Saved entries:
((

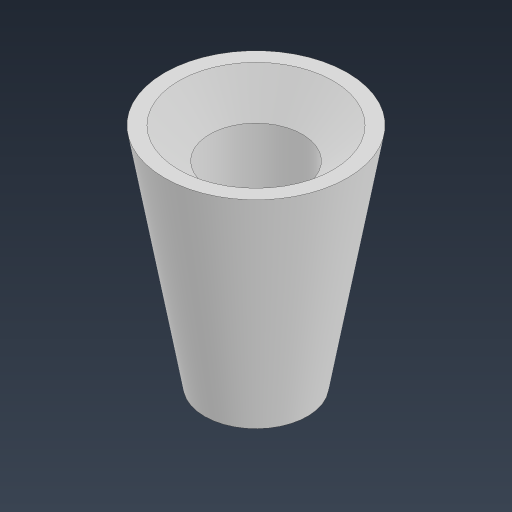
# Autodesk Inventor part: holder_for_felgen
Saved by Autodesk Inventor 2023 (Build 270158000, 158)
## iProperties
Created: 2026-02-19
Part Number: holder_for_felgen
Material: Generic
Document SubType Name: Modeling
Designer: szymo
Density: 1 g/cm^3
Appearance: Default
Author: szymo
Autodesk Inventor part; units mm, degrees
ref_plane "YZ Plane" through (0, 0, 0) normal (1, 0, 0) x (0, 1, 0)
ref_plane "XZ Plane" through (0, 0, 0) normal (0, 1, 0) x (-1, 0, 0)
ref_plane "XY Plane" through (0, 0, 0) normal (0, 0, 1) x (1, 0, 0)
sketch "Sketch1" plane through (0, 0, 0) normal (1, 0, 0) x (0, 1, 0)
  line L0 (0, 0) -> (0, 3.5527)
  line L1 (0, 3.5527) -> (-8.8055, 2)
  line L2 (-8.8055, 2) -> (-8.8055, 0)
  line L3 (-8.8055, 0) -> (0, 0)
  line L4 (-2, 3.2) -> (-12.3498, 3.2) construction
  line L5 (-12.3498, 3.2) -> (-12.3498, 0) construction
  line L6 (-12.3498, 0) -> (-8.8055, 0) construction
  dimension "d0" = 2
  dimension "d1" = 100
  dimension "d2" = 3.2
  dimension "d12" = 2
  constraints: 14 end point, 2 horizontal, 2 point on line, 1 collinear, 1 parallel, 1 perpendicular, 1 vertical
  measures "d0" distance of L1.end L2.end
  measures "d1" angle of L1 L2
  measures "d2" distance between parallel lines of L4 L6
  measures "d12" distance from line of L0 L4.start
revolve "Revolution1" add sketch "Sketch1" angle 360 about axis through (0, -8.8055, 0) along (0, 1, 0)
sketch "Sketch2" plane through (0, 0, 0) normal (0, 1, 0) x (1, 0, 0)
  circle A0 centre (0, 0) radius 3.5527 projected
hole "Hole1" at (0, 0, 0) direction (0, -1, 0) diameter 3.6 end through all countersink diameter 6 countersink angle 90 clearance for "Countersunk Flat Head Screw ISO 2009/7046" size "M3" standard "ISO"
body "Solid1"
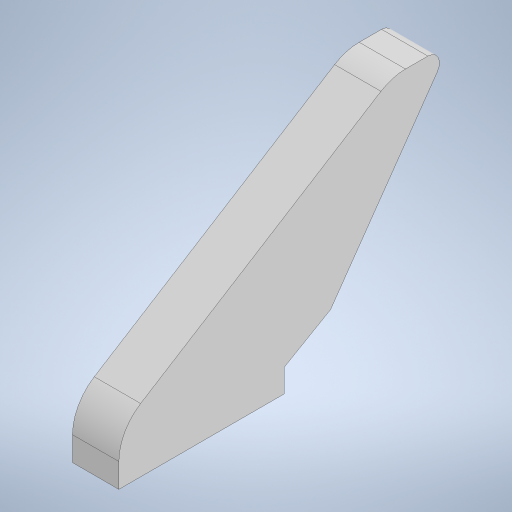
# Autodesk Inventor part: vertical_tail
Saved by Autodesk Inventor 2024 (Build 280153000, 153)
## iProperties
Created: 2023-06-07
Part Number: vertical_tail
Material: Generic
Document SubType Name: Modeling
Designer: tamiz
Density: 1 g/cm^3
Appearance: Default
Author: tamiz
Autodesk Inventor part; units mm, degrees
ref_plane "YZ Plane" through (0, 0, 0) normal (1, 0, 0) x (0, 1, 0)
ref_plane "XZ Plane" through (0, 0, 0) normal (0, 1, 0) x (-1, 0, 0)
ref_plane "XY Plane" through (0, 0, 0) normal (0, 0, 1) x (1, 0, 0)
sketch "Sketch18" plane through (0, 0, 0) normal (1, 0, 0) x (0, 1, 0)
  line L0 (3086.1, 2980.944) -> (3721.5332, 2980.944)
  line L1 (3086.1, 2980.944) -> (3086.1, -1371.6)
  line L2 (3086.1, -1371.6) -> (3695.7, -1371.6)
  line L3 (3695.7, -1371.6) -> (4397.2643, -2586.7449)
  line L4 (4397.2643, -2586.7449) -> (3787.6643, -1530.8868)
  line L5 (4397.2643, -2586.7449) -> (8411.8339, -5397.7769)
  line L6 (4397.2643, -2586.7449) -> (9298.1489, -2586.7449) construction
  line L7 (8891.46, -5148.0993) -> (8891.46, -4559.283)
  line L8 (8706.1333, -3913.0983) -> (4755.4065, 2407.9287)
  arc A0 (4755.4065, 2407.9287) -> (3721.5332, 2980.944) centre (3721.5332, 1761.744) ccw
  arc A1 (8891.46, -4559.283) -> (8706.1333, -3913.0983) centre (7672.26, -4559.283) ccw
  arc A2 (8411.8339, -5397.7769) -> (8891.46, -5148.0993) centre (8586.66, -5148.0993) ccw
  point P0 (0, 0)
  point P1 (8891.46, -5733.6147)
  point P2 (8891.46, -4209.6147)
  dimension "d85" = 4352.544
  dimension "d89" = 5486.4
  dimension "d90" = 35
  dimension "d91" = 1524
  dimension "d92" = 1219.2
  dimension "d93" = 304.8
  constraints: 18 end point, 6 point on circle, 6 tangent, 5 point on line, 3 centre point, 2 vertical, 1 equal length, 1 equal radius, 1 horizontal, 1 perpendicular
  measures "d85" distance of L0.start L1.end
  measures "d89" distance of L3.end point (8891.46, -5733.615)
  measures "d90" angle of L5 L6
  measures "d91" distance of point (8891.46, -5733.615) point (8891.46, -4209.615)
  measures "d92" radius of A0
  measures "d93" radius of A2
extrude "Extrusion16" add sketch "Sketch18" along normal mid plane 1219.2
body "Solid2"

))

__Task statement__: Leave out the pictures and return every record word for word.

__Written solution__:
# Autodesk Inventor part: holder_for_felgen
Saved by Autodesk Inventor 2023 (Build 270158000, 158)
## iProperties
Created: 2026-02-19
Part Number: holder_for_felgen
Material: Generic
Document SubType Name: Modeling
Designer: szymo
Density: 1 g/cm^3
Appearance: Default
Author: szymo
Autodesk Inventor part; units mm, degrees
ref_plane "YZ Plane" through (0, 0, 0) normal (1, 0, 0) x (0, 1, 0)
ref_plane "XZ Plane" through (0, 0, 0) normal (0, 1, 0) x (-1, 0, 0)
ref_plane "XY Plane" through (0, 0, 0) normal (0, 0, 1) x (1, 0, 0)
sketch "Sketch1" plane through (0, 0, 0) normal (1, 0, 0) x (0, 1, 0)
  line L0 (0, 0) -> (0, 3.5527)
  line L1 (0, 3.5527) -> (-8.8055, 2)
  line L2 (-8.8055, 2) -> (-8.8055, 0)
  line L3 (-8.8055, 0) -> (0, 0)
  line L4 (-2, 3.2) -> (-12.3498, 3.2) construction
  line L5 (-12.3498, 3.2) -> (-12.3498, 0) construction
  line L6 (-12.3498, 0) -> (-8.8055, 0) construction
  dimension "d0" = 2
  dimension "d1" = 100
  dimension "d2" = 3.2
  dimension "d12" = 2
  constraints: 14 end point, 2 horizontal, 2 point on line, 1 collinear, 1 parallel, 1 perpendicular, 1 vertical
  measures "d0" distance of L1.end L2.end
  measures "d1" angle of L1 L2
  measures "d2" distance between parallel lines of L4 L6
  measures "d12" distance from line of L0 L4.start
revolve "Revolution1" add sketch "Sketch1" angle 360 about axis through (0, -8.8055, 0) along (0, 1, 0)
sketch "Sketch2" plane through (0, 0, 0) normal (0, 1, 0) x (1, 0, 0)
  circle A0 centre (0, 0) radius 3.5527 projected
hole "Hole1" at (0, 0, 0) direction (0, -1, 0) diameter 3.6 end through all countersink diameter 6 countersink angle 90 clearance for "Countersunk Flat Head Screw ISO 2009/7046" size "M3" standard "ISO"
body "Solid1"
# Autodesk Inventor part: vertical_tail
Saved by Autodesk Inventor 2024 (Build 280153000, 153)
## iProperties
Created: 2023-06-07
Part Number: vertical_tail
Material: Generic
Document SubType Name: Modeling
Designer: tamiz
Density: 1 g/cm^3
Appearance: Default
Author: tamiz
Autodesk Inventor part; units mm, degrees
ref_plane "YZ Plane" through (0, 0, 0) normal (1, 0, 0) x (0, 1, 0)
ref_plane "XZ Plane" through (0, 0, 0) normal (0, 1, 0) x (-1, 0, 0)
ref_plane "XY Plane" through (0, 0, 0) normal (0, 0, 1) x (1, 0, 0)
sketch "Sketch18" plane through (0, 0, 0) normal (1, 0, 0) x (0, 1, 0)
  line L0 (3086.1, 2980.944) -> (3721.5332, 2980.944)
  line L1 (3086.1, 2980.944) -> (3086.1, -1371.6)
  line L2 (3086.1, -1371.6) -> (3695.7, -1371.6)
  line L3 (3695.7, -1371.6) -> (4397.2643, -2586.7449)
  line L4 (4397.2643, -2586.7449) -> (3787.6643, -1530.8868)
  line L5 (4397.2643, -2586.7449) -> (8411.8339, -5397.7769)
  line L6 (4397.2643, -2586.7449) -> (9298.1489, -2586.7449) construction
  line L7 (8891.46, -5148.0993) -> (8891.46, -4559.283)
  line L8 (8706.1333, -3913.0983) -> (4755.4065, 2407.9287)
  arc A0 (4755.4065, 2407.9287) -> (3721.5332, 2980.944) centre (3721.5332, 1761.744) ccw
  arc A1 (8891.46, -4559.283) -> (8706.1333, -3913.0983) centre (7672.26, -4559.283) ccw
  arc A2 (8411.8339, -5397.7769) -> (8891.46, -5148.0993) centre (8586.66, -5148.0993) ccw
  point P0 (0, 0)
  point P1 (8891.46, -5733.6147)
  point P2 (8891.46, -4209.6147)
  dimension "d85" = 4352.544
  dimension "d89" = 5486.4
  dimension "d90" = 35
  dimension "d91" = 1524
  dimension "d92" = 1219.2
  dimension "d93" = 304.8
  constraints: 18 end point, 6 point on circle, 6 tangent, 5 point on line, 3 centre point, 2 vertical, 1 equal length, 1 equal radius, 1 horizontal, 1 perpendicular
  measures "d85" distance of L0.start L1.end
  measures "d89" distance of L3.end point (8891.46, -5733.615)
  measures "d90" angle of L5 L6
  measures "d91" distance of point (8891.46, -5733.615) point (8891.46, -4209.615)
  measures "d92" radius of A0
  measures "d93" radius of A2
extrude "Extrusion16" add sketch "Sketch18" along normal mid plane 1219.2
body "Solid2"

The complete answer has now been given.